What needs to be done => An exact restatement is required. Cover only the lines of the records from the first through the line with "line L6 (26.9185, 11.9108)", and skip pictures.

Input material START

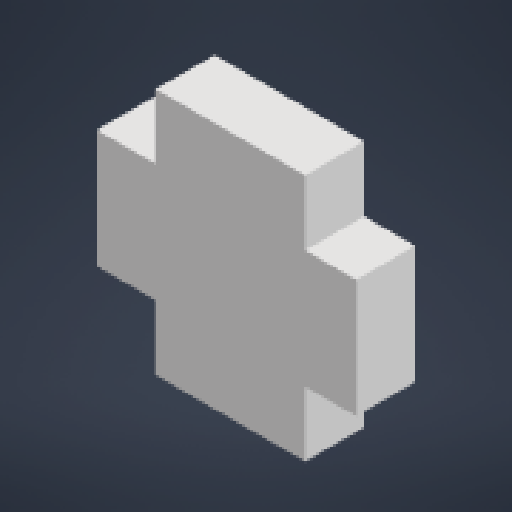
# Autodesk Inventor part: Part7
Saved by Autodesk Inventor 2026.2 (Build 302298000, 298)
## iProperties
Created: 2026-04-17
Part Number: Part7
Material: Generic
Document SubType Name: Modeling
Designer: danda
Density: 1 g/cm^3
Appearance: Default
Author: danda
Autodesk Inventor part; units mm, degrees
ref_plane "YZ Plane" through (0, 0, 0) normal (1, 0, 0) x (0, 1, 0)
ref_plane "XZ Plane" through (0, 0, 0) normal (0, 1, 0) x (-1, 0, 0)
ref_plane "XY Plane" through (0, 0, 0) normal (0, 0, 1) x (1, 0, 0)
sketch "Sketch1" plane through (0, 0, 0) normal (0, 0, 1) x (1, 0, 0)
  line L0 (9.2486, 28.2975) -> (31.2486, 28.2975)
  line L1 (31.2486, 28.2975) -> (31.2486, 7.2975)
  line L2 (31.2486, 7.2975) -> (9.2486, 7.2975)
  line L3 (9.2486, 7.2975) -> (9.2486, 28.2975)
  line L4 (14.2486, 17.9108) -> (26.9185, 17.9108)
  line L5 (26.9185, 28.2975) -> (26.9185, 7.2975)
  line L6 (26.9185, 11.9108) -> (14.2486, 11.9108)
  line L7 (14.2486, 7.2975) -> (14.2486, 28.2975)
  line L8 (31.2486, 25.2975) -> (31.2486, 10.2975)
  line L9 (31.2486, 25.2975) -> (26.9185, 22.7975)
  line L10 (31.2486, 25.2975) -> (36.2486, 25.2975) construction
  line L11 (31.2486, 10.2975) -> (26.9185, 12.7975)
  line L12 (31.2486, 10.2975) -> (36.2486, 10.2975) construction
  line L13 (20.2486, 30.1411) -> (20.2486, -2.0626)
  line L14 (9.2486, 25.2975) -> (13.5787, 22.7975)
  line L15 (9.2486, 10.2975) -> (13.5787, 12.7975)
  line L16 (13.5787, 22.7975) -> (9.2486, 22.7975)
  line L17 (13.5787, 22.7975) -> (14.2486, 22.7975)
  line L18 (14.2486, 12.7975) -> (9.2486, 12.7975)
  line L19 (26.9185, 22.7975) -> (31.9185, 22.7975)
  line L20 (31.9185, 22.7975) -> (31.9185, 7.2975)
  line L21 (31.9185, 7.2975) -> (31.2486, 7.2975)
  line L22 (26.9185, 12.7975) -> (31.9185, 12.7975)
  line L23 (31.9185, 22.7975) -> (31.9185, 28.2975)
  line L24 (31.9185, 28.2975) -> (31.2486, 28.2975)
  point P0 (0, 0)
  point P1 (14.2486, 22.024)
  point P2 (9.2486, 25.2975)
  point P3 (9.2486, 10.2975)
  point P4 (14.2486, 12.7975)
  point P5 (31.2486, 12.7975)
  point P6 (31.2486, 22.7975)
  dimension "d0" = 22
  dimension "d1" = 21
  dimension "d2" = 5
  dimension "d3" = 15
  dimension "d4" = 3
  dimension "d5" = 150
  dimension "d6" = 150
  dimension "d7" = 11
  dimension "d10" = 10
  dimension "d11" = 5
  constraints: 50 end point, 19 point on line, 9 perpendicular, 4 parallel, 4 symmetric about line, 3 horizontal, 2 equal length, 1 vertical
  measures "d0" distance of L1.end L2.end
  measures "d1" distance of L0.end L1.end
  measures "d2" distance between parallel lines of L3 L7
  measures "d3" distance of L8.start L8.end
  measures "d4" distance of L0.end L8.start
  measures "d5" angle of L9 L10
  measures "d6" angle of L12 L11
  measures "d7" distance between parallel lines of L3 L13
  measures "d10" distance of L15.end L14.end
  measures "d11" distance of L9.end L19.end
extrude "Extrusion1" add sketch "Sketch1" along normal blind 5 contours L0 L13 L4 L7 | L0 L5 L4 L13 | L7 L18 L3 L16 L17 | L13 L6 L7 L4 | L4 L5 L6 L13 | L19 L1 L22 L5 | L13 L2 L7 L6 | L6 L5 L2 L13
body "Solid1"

Input material END

Expected answer =>
# Autodesk Inventor part: Part7
Saved by Autodesk Inventor 2026.2 (Build 302298000, 298)
## iProperties
Created: 2026-04-17
Part Number: Part7
Material: Generic
Document SubType Name: Modeling
Designer: danda
Density: 1 g/cm^3
Appearance: Default
Author: danda
Autodesk Inventor part; units mm, degrees
ref_plane "YZ Plane" through (0, 0, 0) normal (1, 0, 0) x (0, 1, 0)
ref_plane "XZ Plane" through (0, 0, 0) normal (0, 1, 0) x (-1, 0, 0)
ref_plane "XY Plane" through (0, 0, 0) normal (0, 0, 1) x (1, 0, 0)
sketch "Sketch1" plane through (0, 0, 0) normal (0, 0, 1) x (1, 0, 0)
  line L0 (9.2486, 28.2975) -> (31.2486, 28.2975)
  line L1 (31.2486, 28.2975) -> (31.2486, 7.2975)
  line L2 (31.2486, 7.2975) -> (9.2486, 7.2975)
  line L3 (9.2486, 7.2975) -> (9.2486, 28.2975)
  line L4 (14.2486, 17.9108) -> (26.9185, 17.9108)
  line L5 (26.9185, 28.2975) -> (26.9185, 7.2975)
  line L6 (26.9185, 11.9108) -> (14.2486, 11.9108)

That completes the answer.